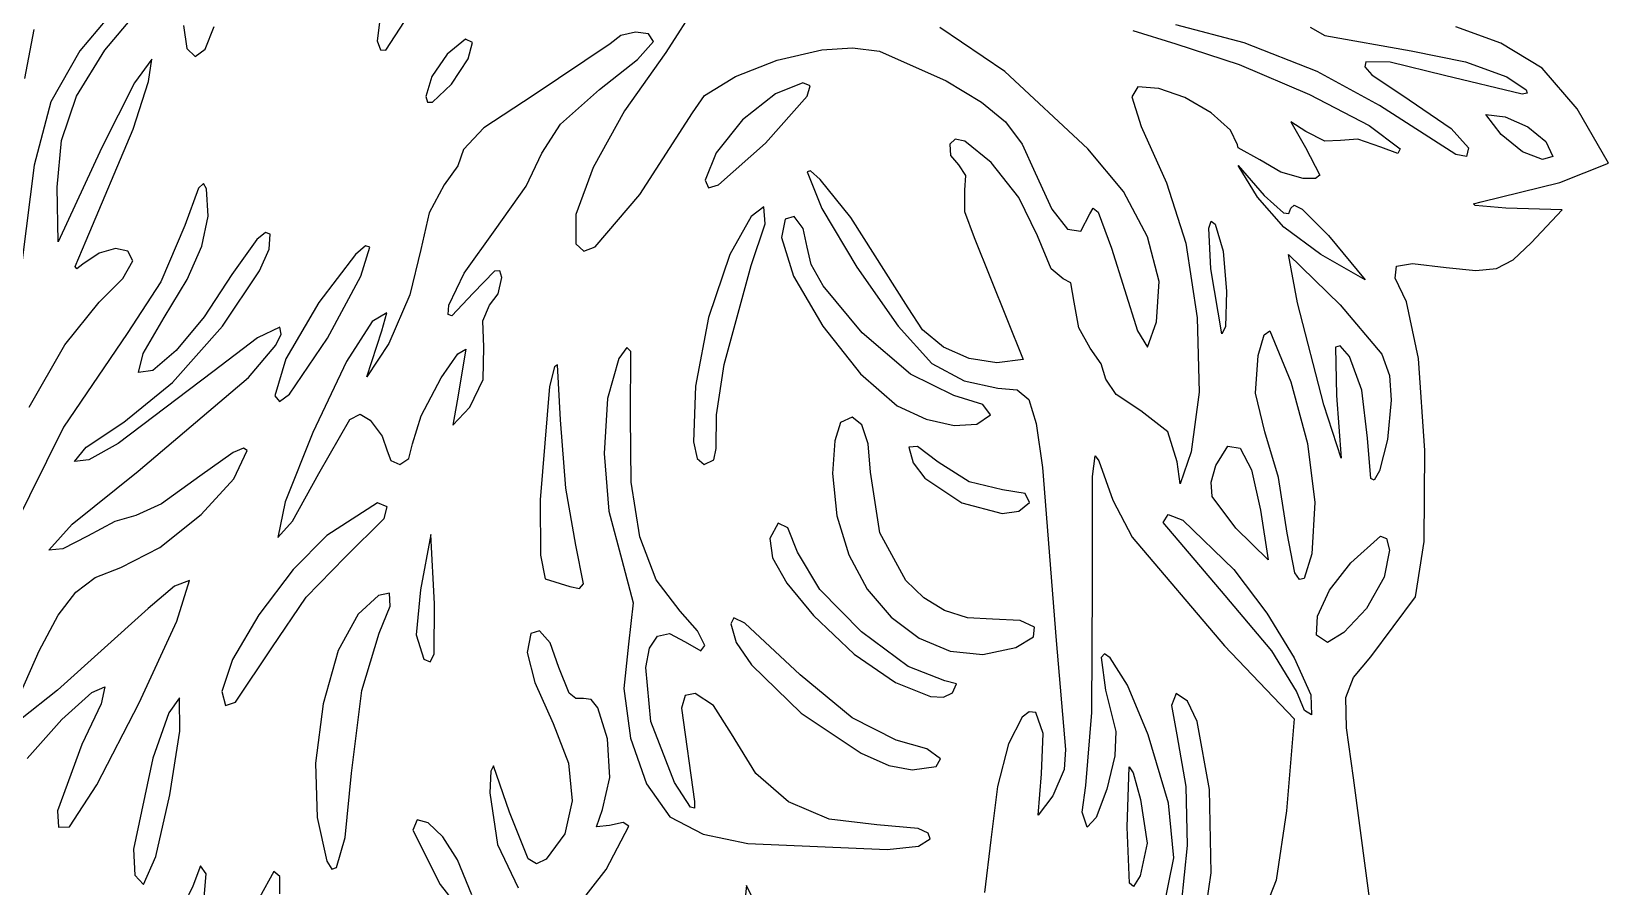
# Model space of a CAD drawing. Extents: x 11 to 198, y 0 to 191.
# Drawn here: x 116.43 to 160.16, y 127.29 to 151 of the extents above; entities that cross this region are included whole.
import ezdxf

# ---------------------------------------------------------------- set-up
doc = ezdxf.new("R2010")
doc.units = 0

msp = doc.modelspace()

# ---------------------------------------------------------------- linework, layer by layer
at = {"layer": 'Layer 1'}
for p, q in [((119.130661, 152.076124), (117.77343, 150.464044)), ((118.465928, 150.479842), (119.666531, 151.911024)), ((134.899132, 151.787463), (134.019304, 150.419126)), ((126.105126, 151.467758), (126.018652, 150.741565)), ((116.248465, 149.696283), (116.503082, 151.052935)), ((120.650076, 151.164193), (120.742432, 150.527544)), ((121.243454, 150.512077), (121.493568, 151.138087)), ((126.25391, 150.479274), (126.774655, 151.277434)), ((132.775772, 150.887444), (132.481545, 150.657603)), ((133.184102, 150.981321), (132.775772, 150.887444)), ((133.541102, 150.930009), (133.184102, 150.981321)), ((133.681343, 150.724279), (133.541102, 150.930009)), ((143.42264, 149.885273), (141.617657, 151.108189)), ((146.974194, 151.028594), (148.16676, 150.657956)), ((150.058356, 150.68124), (148.160697, 151.186815)), ((151.890172, 151.115796), (152.294483, 150.888056)), ((152.294483, 150.888056), (154.693153, 150.460753)), ((157.175299, 150.679476), (155.92717, 151.131032)), ((117.77343, 150.464044), (116.969675, 149.046599)), ((117.681978, 149.207377), (118.465928, 150.479842)), ((120.742432, 150.527544), (120.96665, 150.309367)), ((120.96665, 150.309367), (121.243454, 150.512077)), ((126.018652, 150.741565), (126.113014, 150.48666)), ((126.113014, 150.48666), (126.25391, 150.479274)), ((128.463789, 150.787525), (127.961047, 150.370795)), ((128.664575, 150.698173), (128.463789, 150.787525)), ((128.543759, 150.238139), (128.664575, 150.698173)), ((132.481545, 150.657603), (130.344063, 149.220739)), ((133.232653, 150.22254), (133.681343, 150.724279)), ((137.112682, 150.207894), (138.348243, 150.490034)), ((138.348243, 150.490034), (139.197186, 150.54983)), ((139.197186, 150.54983), (139.949723, 150.452992)), ((139.949723, 150.452992), (141.791709, 149.633842)), ((148.16676, 150.657956), (149.920276, 150.088021)), ((152.087513, 149.886739), (150.058356, 150.68124)), ((154.693153, 150.460753), (156.197972, 150.156482)), ((158.323768, 149.985473), (157.175299, 150.679476)), ((119.763898, 150.228978), (119.290866, 149.577221)), ((119.67782, 149.609963), (119.763898, 150.228978)), ((127.961047, 150.370795), (127.53498, 149.748759)), ((128.081697, 149.542825), (128.543759, 150.238139)), ((132.184153, 149.387955), (133.232653, 150.22254)), ((134.019304, 150.419126), (132.870703, 148.798022)), ((135.954644, 149.749773), (137.112682, 150.207894)), ((149.920276, 150.088021), (151.873222, 149.256281)), ((153.430957, 150.154718), (153.407592, 150.021306)), ((153.407592, 150.021306), (153.598477, 149.80021)), ((154.109906, 150.151246), (153.430957, 150.154718)), ((155.614256, 149.775306), (154.109906, 150.151246)), ((156.197972, 150.156482), (157.338988, 149.742145)), ((119.290866, 149.577221), (118.384183, 147.780346)), ((119.247783, 148.294432), (119.67782, 149.609963)), ((127.53498, 149.748759), (127.3645, 149.197103)), ((135.096644, 149.22425), (135.954644, 149.749773)), ((137.816253, 149.57775), (137.061397, 149.27489)), ((138.028196, 149.490272), (137.816253, 149.57775)), ((141.791709, 149.633842), (142.772972, 149.042343)), ((145.726595, 147.746832), (143.42264, 149.885273)), ((153.811208, 148.948041), (152.087513, 149.886739)), ((153.598477, 149.80021), (154.633534, 149.102205)), ((157.766334, 149.261044), (155.614256, 149.775306)), ((157.338988, 149.742145), (157.88215, 149.377041)), ((159.29232, 148.851733), (158.323768, 149.985473)), ((117.259979, 147.980222), (117.681978, 149.207377)), ((127.3645, 149.197103), (127.41579, 149.037553)), ((127.55522, 149.043335), (128.081697, 149.542825)), ((130.344063, 149.220739), (128.9789, 148.325917)), ((131.104476, 148.427694), (132.184153, 149.387955)), ((134.761196, 148.739902), (135.096644, 149.22425)), ((137.061397, 149.27489), (136.145144, 148.54658)), ((136.785083, 147.906641), (137.940961, 149.205216)), ((137.940961, 149.205216), (138.028196, 149.490272)), ((147.114098, 149.467716), (146.94681, 149.185108)), ((146.94681, 149.185108), (147.20517, 148.366983)), ((147.689804, 149.422175), (147.114098, 149.467716)), ((148.417684, 149.171201), (147.689804, 149.422175)), ((149.139545, 148.744973), (148.417684, 149.171201)), ((151.873222, 149.256281), (153.527453, 148.396363)), ((157.905732, 149.287921), (157.766334, 149.261044)), ((157.88215, 149.377041), (157.905732, 149.287921)), ((116.969675, 149.046599), (116.506373, 147.290156)), ((127.41579, 149.037553), (127.55522, 149.043335)), ((132.870703, 148.798022), (132.004677, 147.228249)), ((133.302459, 146.47542), (134.761196, 148.739902)), ((142.772972, 149.042343), (143.442622, 148.490665)), ((149.682812, 148.266821), (149.139545, 148.744973)), ((155.9262, 147.589625), (153.811208, 148.948041)), ((154.633534, 149.102205), (155.796819, 148.312556)), ((157.184824, 148.141944), (156.756992, 148.700876)), ((156.756992, 148.700876), (157.294891, 148.633011)), ((160.161212, 147.348193), (159.29232, 148.851733)), ((117.944269, 145.200481), (119.247783, 148.294432)), ((128.9789, 148.325917), (128.411192, 147.727429)), ((130.580424, 147.624065), (131.104476, 148.427694)), ((136.145144, 148.54658), (135.416834, 147.630327)), ((143.442622, 148.490665), (143.904176, 147.871517)), ((147.20517, 148.366983), (147.90641, 146.805973)), ((149.874911, 147.860074), (149.682812, 148.266821)), ((151.773209, 148.224494), (151.352698, 148.489959)), ((151.352698, 148.489959), (151.756629, 147.787049)), ((153.527453, 148.396363), (154.384825, 147.741893)), ((155.796819, 148.312556), (156.280654, 147.769763)), ((157.294891, 148.633011), (157.92773, 148.354625)), ((157.92773, 148.354625), (158.429072, 147.952149)), ((117.145227, 146.68497), (117.259979, 147.980222)), ((135.486508, 146.750763), (136.785083, 147.906641)), ((142.048743, 148.015433), (141.89472, 147.871363)), ((141.89472, 147.871363), (141.917959, 147.562682)), ((142.315358, 147.955341), (142.048743, 148.015433)), ((143.047113, 147.36764), (142.315358, 147.955341)), ((143.904176, 147.871517), (144.261155, 147.077612)), ((149.889022, 147.768704), (149.874911, 147.860074)), ((152.300172, 147.957044), (151.773209, 148.224494)), ((152.730296, 147.976138), (152.300172, 147.957044)), ((153.206899, 148.014988), (152.730296, 147.976138)), ((153.846486, 147.79481), (153.206899, 148.014988)), ((157.780231, 147.660098), (157.184824, 148.141944)), ((158.429072, 147.952149), (158.616105, 147.532492)), ((118.384183, 147.780346), (117.168157, 145.168025)), ((128.411192, 147.727429), (128.25253, 147.278696)), ((130.147301, 146.714295), (130.580424, 147.624065)), ((135.416834, 147.630327), (135.113974, 146.875471)), ((141.917959, 147.562682), (142.135667, 147.30586)), ((146.709302, 146.562628), (145.726595, 147.746832)), ((150.489098, 147.43674), (149.889022, 147.768704)), ((151.072857, 147.095295), (150.489098, 147.43674)), ((151.756629, 147.787049), (152.156944, 147.018169)), ((154.31621, 147.612512), (153.846486, 147.79481)), ((154.384825, 147.741893), (154.31621, 147.612512)), ((156.224904, 147.534421), (155.9262, 147.589625)), ((156.280654, 147.769763), (156.224904, 147.534421)), ((158.328574, 147.446045), (157.780231, 147.660098)), ((158.616105, 147.532492), (158.328574, 147.446045)), ((116.506373, 147.290156), (116.170501, 144.661083)), ((128.25253, 147.278696), (127.871089, 146.743179)), ((132.004677, 147.228249), (131.522959, 145.926498)), ((138.035917, 147.13732), (137.936198, 147.111832)), ((137.936198, 147.111832), (138.346694, 146.088924)), ((138.303142, 146.891875), (138.035917, 147.13732)), ((142.135667, 147.30586), (142.331768, 147.006439)), ((142.331768, 147.006439), (142.303237, 146.595365)), ((143.811479, 146.398211), (143.047113, 147.36764)), ((144.261155, 147.077612), (144.720929, 146.070811)), ((150.424186, 146.402748), (149.888669, 147.284693)), ((149.888669, 147.284693), (150.615392, 146.451784)), ((151.692071, 146.925565), (151.072857, 147.095295)), ((152.156944, 147.018169), (152.035136, 146.920769)), ((158.815761, 146.814616), (160.161212, 147.348193)), ((117.168157, 145.168025), (117.145227, 146.68497)), ((121.063708, 146.653264), (120.685354, 145.623814)), ((121.200299, 146.785815), (121.063708, 146.653264)), ((121.287546, 146.639462), (121.200299, 146.785815)), ((121.328716, 145.879821), (121.287546, 146.639462)), ((127.871089, 146.743179), (127.459397, 145.970727)), ((129.286081, 145.498931), (130.147301, 146.714295)), ((135.113974, 146.875471), (135.201452, 146.663528)), ((135.201452, 146.663528), (135.486508, 146.750763)), ((139.14852, 145.845888), (138.303142, 146.891875)), ((142.303237, 146.595365), (142.304913, 146.007945)), ((147.378742, 145.305829), (146.709302, 146.562628)), ((147.90641, 146.805973), (148.437468, 145.12723)), ((152.035136, 146.920769), (151.692071, 146.925565)), ((156.633432, 146.279981), (158.815761, 146.814616)), ((132.064164, 145.024753), (133.302459, 146.47542)), ((136.740986, 146.140987), (136.383435, 145.871751)), ((136.774423, 145.670712), (136.740986, 146.140987)), ((138.346694, 146.088924), (139.319661, 144.463924)), ((144.329946, 145.337006), (143.811479, 146.398211)), ((144.720929, 146.070811), (145.162017, 145.520318)), ((145.781628, 145.942373), (145.872678, 146.102639)), ((145.872678, 146.102639), (146.006524, 145.990747)), ((151.163389, 145.572617), (150.424186, 146.402748)), ((150.615392, 146.451784), (151.151306, 145.970066)), ((151.299952, 145.955889), (151.356226, 146.099006)), ((151.356226, 146.099006), (151.442552, 146.188072)), ((151.442552, 146.188072), (151.667156, 146.075458)), ((151.667156, 146.075458), (152.394804, 145.344414)), ((156.414147, 146.224154), (156.633432, 146.279981)), ((156.469037, 146.171237), (156.414147, 146.224154)), ((157.312177, 146.097948), (156.469037, 146.171237)), ((158.87322, 146.04997), (157.312177, 146.097948)), ((120.685354, 145.623814), (120.01997, 144.0577)), ((121.151506, 145.047022), (121.328716, 145.879821)), ((127.459397, 145.970727), (127.22868, 144.951419)), ((131.522959, 145.926498), (131.52728, 145.109464)), ((136.383435, 145.871751), (135.794836, 144.815247)), ((136.390678, 144.508683), (136.774423, 145.670712)), ((137.333609, 145.79253), (137.230642, 145.284442)), ((137.58342, 145.873581), (137.333609, 145.79253)), ((137.832569, 145.533062), (137.58342, 145.873581)), ((140.741841, 143.33746), (139.14852, 145.845888)), ((142.304913, 146.007945), (142.572759, 145.283736)), ((145.532793, 145.464662), (145.781628, 145.942373)), ((146.006524, 145.990747), (146.376412, 144.991636)), ((149.082131, 145.546335), (149.142456, 145.737888)), ((149.142456, 145.737888), (149.25755, 145.656623)), ((149.25755, 145.656623), (149.477771, 144.905558)), ((151.151306, 145.970066), (151.299952, 145.955889)), ((158.019144, 145.140861), (158.87322, 146.04997)), ((117.644319, 144.487296), (117.944269, 145.200481)), ((122.678197, 145.228571), (121.989574, 144.256799)), ((122.921239, 145.423365), (122.678197, 145.228571)), ((123.050378, 145.375106), (122.921239, 145.423365)), ((123.017534, 144.964121), (123.050378, 145.375106)), ((128.427464, 144.293929), (129.286081, 145.498931)), ((137.230642, 145.284442), (137.55958, 144.211286)), ((137.936198, 145.020564), (137.832569, 145.533062)), ((142.572759, 145.283736), (143.928132, 141.904829)), ((144.710373, 144.41652), (144.329946, 145.337006)), ((145.162017, 145.520318), (145.532793, 145.464662)), ((147.698271, 144.06894), (147.378742, 145.305829)), ((149.133724, 144.4219), (149.082131, 145.546335)), ((152.189135, 144.815247), (151.163389, 145.572617)), ((152.394804, 145.344414), (153.418919, 144.109691)), ((118.308788, 144.857101), (117.858191, 144.550664)), ((118.757334, 144.977834), (118.308788, 144.857101)), ((119.101502, 144.906413), (118.757334, 144.977834)), ((119.238964, 144.636389), (119.101502, 144.906413)), ((120.74854, 144.118709), (121.151506, 145.047022)), ((122.753895, 144.362445), (123.017534, 144.964121)), ((125.417143, 144.81496), (124.394814, 143.485627)), ((125.695697, 145.052391), (125.417143, 144.81496)), ((125.56262, 144.214091), (125.814922, 145.022592)), ((125.814922, 145.022592), (125.695697, 145.052391)), ((127.22868, 144.951419), (126.924894, 143.693325)), ((131.52728, 145.109464), (131.746162, 144.904538)), ((131.746162, 144.904538), (132.064164, 145.024753)), ((135.794836, 144.815247), (135.205977, 143.069029)), ((138.055914, 144.536098), (137.936198, 145.020564)), ((146.376412, 144.991636), (147.104545, 142.698579)), ((148.437468, 145.12723), (148.752327, 143.060309)), ((149.477771, 144.905558), (149.57258, 143.786194)), ((151.533673, 143.473279), (151.287081, 144.815247)), ((151.287081, 144.815247), (152.72571, 143.420716)), ((153.418919, 144.109691), (152.189135, 144.815247)), ((157.52079, 144.671192), (158.019144, 145.140861)), ((117.687094, 144.422754), (117.644319, 144.487296)), ((117.858191, 144.550664), (117.687094, 144.422754)), ((118.966311, 144.153215), (119.238964, 144.636389)), ((121.724682, 142.8314), (122.753895, 144.362445)), ((129.27466, 144.35421), (128.675775, 143.743155)), ((129.421256, 144.363818), (129.27466, 144.35421)), ((129.469526, 144.17813), (129.421256, 144.363818)), ((135.642039, 141.7687), (136.390678, 144.508683)), ((138.383019, 143.946118), (138.055914, 144.536098)), ((139.319661, 144.463924), (140.46732, 142.832376)), ((145.043969, 144.142147), (144.710373, 144.41652)), ((149.442449, 142.613912), (149.133724, 144.4219)), ((154.250935, 144.157785), (154.279256, 144.491176)), ((154.279256, 144.491176), (154.724164, 144.56812)), ((154.724164, 144.56812), (155.664704, 144.457177)), ((155.664704, 144.457177), (156.480955, 144.369236)), ((156.480955, 144.369236), (157.053855, 144.427279)), ((157.053855, 144.427279), (157.52079, 144.671192)), ((118.310805, 143.48986), (118.966311, 144.153215)), ((120.01997, 144.0577), (119.082331, 142.625201)), ((120.112442, 143.072524), (120.74854, 144.118709)), ((121.989574, 144.256799), (121.216759, 143.085621)), ((124.634704, 142.495026), (125.56262, 144.214091)), ((128.000911, 143.409074), (128.427464, 144.293929)), ((129.369337, 143.723487), (129.469526, 144.17813)), ((137.55958, 144.211286), (138.374922, 142.826682)), ((139.467122, 142.643766), (138.383019, 143.946118)), ((145.256297, 144.02864), (145.043969, 144.142147)), ((145.344536, 143.495505), (145.256297, 144.02864)), ((147.631243, 142.944465), (147.698271, 144.06894)), ((154.560156, 143.499385), (154.250935, 144.157785)), ((117.356496, 142.309333), (118.310805, 143.48986)), ((124.394814, 143.485627), (123.483765, 141.921938)), ((126.924894, 143.693325), (126.33721, 142.345801)), ((128.675775, 143.743155), (128.083285, 143.115607)), ((129.12839, 143.411191), (129.369337, 143.723487)), ((145.474138, 142.778219), (145.344536, 143.495505)), ((149.57258, 143.786194), (149.53948, 142.813563)), ((152.265688, 140.651055), (151.533673, 143.473279)), ((154.893669, 141.929115), (154.560156, 143.499385)), ((119.527272, 142.070811), (120.112442, 143.072524)), ((121.216759, 143.085621), (120.444671, 142.1568)), ((126.279928, 143.199347), (125.878599, 142.959282)), ((126.150238, 142.698579), (126.279928, 143.199347)), ((127.985808, 143.150868), (128.000911, 143.409074)), ((128.083285, 143.115607), (127.985808, 143.150868)), ((128.942255, 142.981242), (129.12839, 143.411191)), ((135.205977, 143.069029), (134.848464, 141.161084)), ((141.141528, 142.724784), (140.741841, 143.33746)), ((148.752327, 143.060309), (148.814708, 141.001524)), ((152.72571, 143.420716), (153.878456, 142.054142)), ((119.082331, 142.625201), (117.315977, 140.029124)), ((120.343639, 141.270721), (121.724682, 142.8314)), ((123.314961, 142.797004), (122.70051, 142.503581)), ((123.209491, 142.305849), (123.349981, 142.608568)), ((123.349981, 142.608568), (123.314961, 142.797004)), ((125.878599, 142.959282), (125.169631, 141.851135)), ((125.730829, 141.427608), (126.150238, 142.698579)), ((128.973873, 142.243848), (128.942255, 142.981242)), ((138.374922, 142.826682), (139.419459, 141.50485)), ((140.803969, 141.501818), (139.467122, 142.643766)), ((140.46732, 142.832376), (141.401889, 141.789823)), ((141.723182, 142.243672), (141.141528, 142.724784)), ((145.785508, 142.222329), (145.474138, 142.778219)), ((147.104545, 142.698579), (147.377155, 142.249889)), ((147.377155, 142.249889), (147.631243, 142.944465)), ((149.53948, 142.813563), (149.442449, 142.613912)), ((150.448881, 142.019129), (150.616616, 142.584406)), ((150.616616, 142.584406), (150.768145, 142.695889)), ((150.768145, 142.695889), (151.357284, 141.287467)), ((116.36594, 140.581911), (117.356496, 142.309333)), ((120.444671, 142.1568), (119.796541, 141.599323)), ((122.70051, 142.503581), (121.457938, 141.562987)), ((122.452683, 141.409087), (123.209491, 142.305849)), ((123.588629, 140.941259), (124.634704, 142.495026)), ((126.33721, 142.345801), (125.730829, 141.427608)), ((128.47187, 142.193798), (128.231275, 140.7583)), ((128.254393, 142.065954), (128.47187, 142.193798)), ((128.958395, 141.353877), (128.973873, 142.243848)), ((132.938635, 142.23795), (132.721434, 141.928112)), ((133.053574, 142.129813), (132.938635, 142.23795)), ((133.042814, 140.329675), (133.053574, 142.129813)), ((142.429851, 141.929247), (141.723182, 142.243672)), ((146.097011, 141.787838), (145.785508, 142.222329)), ((152.724343, 142.283525), (152.596064, 142.246406)), ((152.596064, 142.246406), (152.622346, 140.909642)), ((152.976182, 141.98879), (152.724343, 142.283525)), ((119.395597, 141.542173), (119.527272, 142.070811)), ((123.483765, 141.921938), (123.177025, 140.896942)), ((125.169631, 141.851135), (124.233286, 139.881867)), ((127.79383, 141.400709), (128.254393, 142.065954)), ((130.931399, 141.69901), (130.792443, 141.155175)), ((131.018266, 141.759616), (130.931399, 141.69901)), ((131.103594, 140.229133), (131.018266, 141.759616)), ((132.721434, 141.928112), (132.399987, 140.822324)), ((135.426916, 140.366645), (135.642039, 141.7687)), ((141.401889, 141.789823), (142.293359, 141.310486)), ((143.204585, 141.816634), (142.429851, 141.929247)), ((143.928132, 141.904829), (143.204585, 141.816634)), ((146.226481, 141.362609), (146.097011, 141.787838)), ((150.368888, 140.972965), (150.448881, 142.019129)), ((153.32411, 141.050312), (152.976182, 141.98879)), ((153.878456, 142.054142), (154.091308, 141.457969)), ((155.066613, 139.385112), (154.893669, 141.929115)), ((121.457938, 141.562987), (118.831814, 139.572525)), ((118.991667, 140.169161), (120.343639, 141.270721)), ((119.390659, 138.810965), (122.452683, 141.409087)), ((119.796541, 141.599323), (119.395597, 141.542173)), ((127.23331, 140.345462), (127.79383, 141.400709)), ((128.583348, 140.581911), (128.958395, 141.353877)), ((139.419459, 141.50485), (140.435983, 140.620011)), ((142.00902, 140.908583), (140.803969, 141.501818)), ((142.293359, 141.310486), (143.225046, 141.111078)), ((146.511526, 140.930588), (146.226481, 141.362609)), ((151.357284, 141.287467), (151.8125, 139.575391)), ((154.091308, 141.457969), (154.139292, 140.774881)), ((123.177025, 140.896942), (123.310033, 140.737613)), ((123.310033, 140.737613), (123.588629, 140.941259)), ((130.792443, 141.155175), (130.534916, 138.016201)), ((132.399987, 140.822324), (132.30886, 139.300313)), ((134.848464, 141.161084), (134.787219, 139.625012)), ((142.808503, 140.655509), (142.00902, 140.908583)), ((143.225046, 141.111078), (143.766736, 141.061198)), ((143.766736, 141.061198), (144.088558, 140.794327)), ((147.19662, 140.479253), (146.511526, 140.930588)), ((148.814708, 141.001524), (148.58833, 139.347188)), ((150.6355, 139.902461), (150.368888, 140.972965)), ((152.622346, 140.909642), (152.75111, 139.170799)), ((153.483124, 139.72078), (153.32411, 141.050312)), ((125.260752, 140.240598), (125.546056, 140.385855)), ((125.546056, 140.385855), (125.82286, 140.222077)), ((128.231275, 140.7583), (128.11283, 140.087625)), ((128.11283, 140.087625), (128.583348, 140.581911)), ((140.435983, 140.620011), (141.243437, 140.248646)), ((143.02749, 140.366716), (142.808503, 140.655509)), ((144.088558, 140.794327), (144.289862, 140.134616)), ((147.946274, 139.900079), (147.19662, 140.479253)), ((152.75111, 139.170799), (152.265688, 140.651055)), ((154.139292, 140.774881), (154.032664, 139.683871)), ((117.315977, 140.029124), (115.903668, 137.172268)), ((117.951368, 139.474894), (118.991667, 140.169161)), ((124.395167, 138.743585), (125.260752, 140.240598)), ((125.82286, 140.222077), (126.155926, 139.777842)), ((127.00008, 139.570144), (127.23331, 140.345462)), ((131.246557, 138.336788), (131.103594, 140.229133)), ((133.061633, 138.50067), (133.042814, 140.329675)), ((135.412777, 139.435383), (135.426916, 140.366645)), ((138.867179, 140.160694), (138.708032, 139.652561)), ((139.188119, 140.30476), (138.867179, 140.160694)), ((139.453232, 140.090579), (139.188119, 140.30476)), ((139.633545, 139.566175), (139.453232, 140.090579)), ((141.243437, 140.248646), (142.013783, 140.075851)), ((142.013783, 140.075851), (142.643105, 140.111812)), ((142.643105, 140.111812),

Exercise directions — Which of the lines above hold the string "layer"? Pick each of them out.

Answer to the exercise —
# ---------------------------------------------------------------- linework, layer by layer
at = {"layer": 'Layer 1'}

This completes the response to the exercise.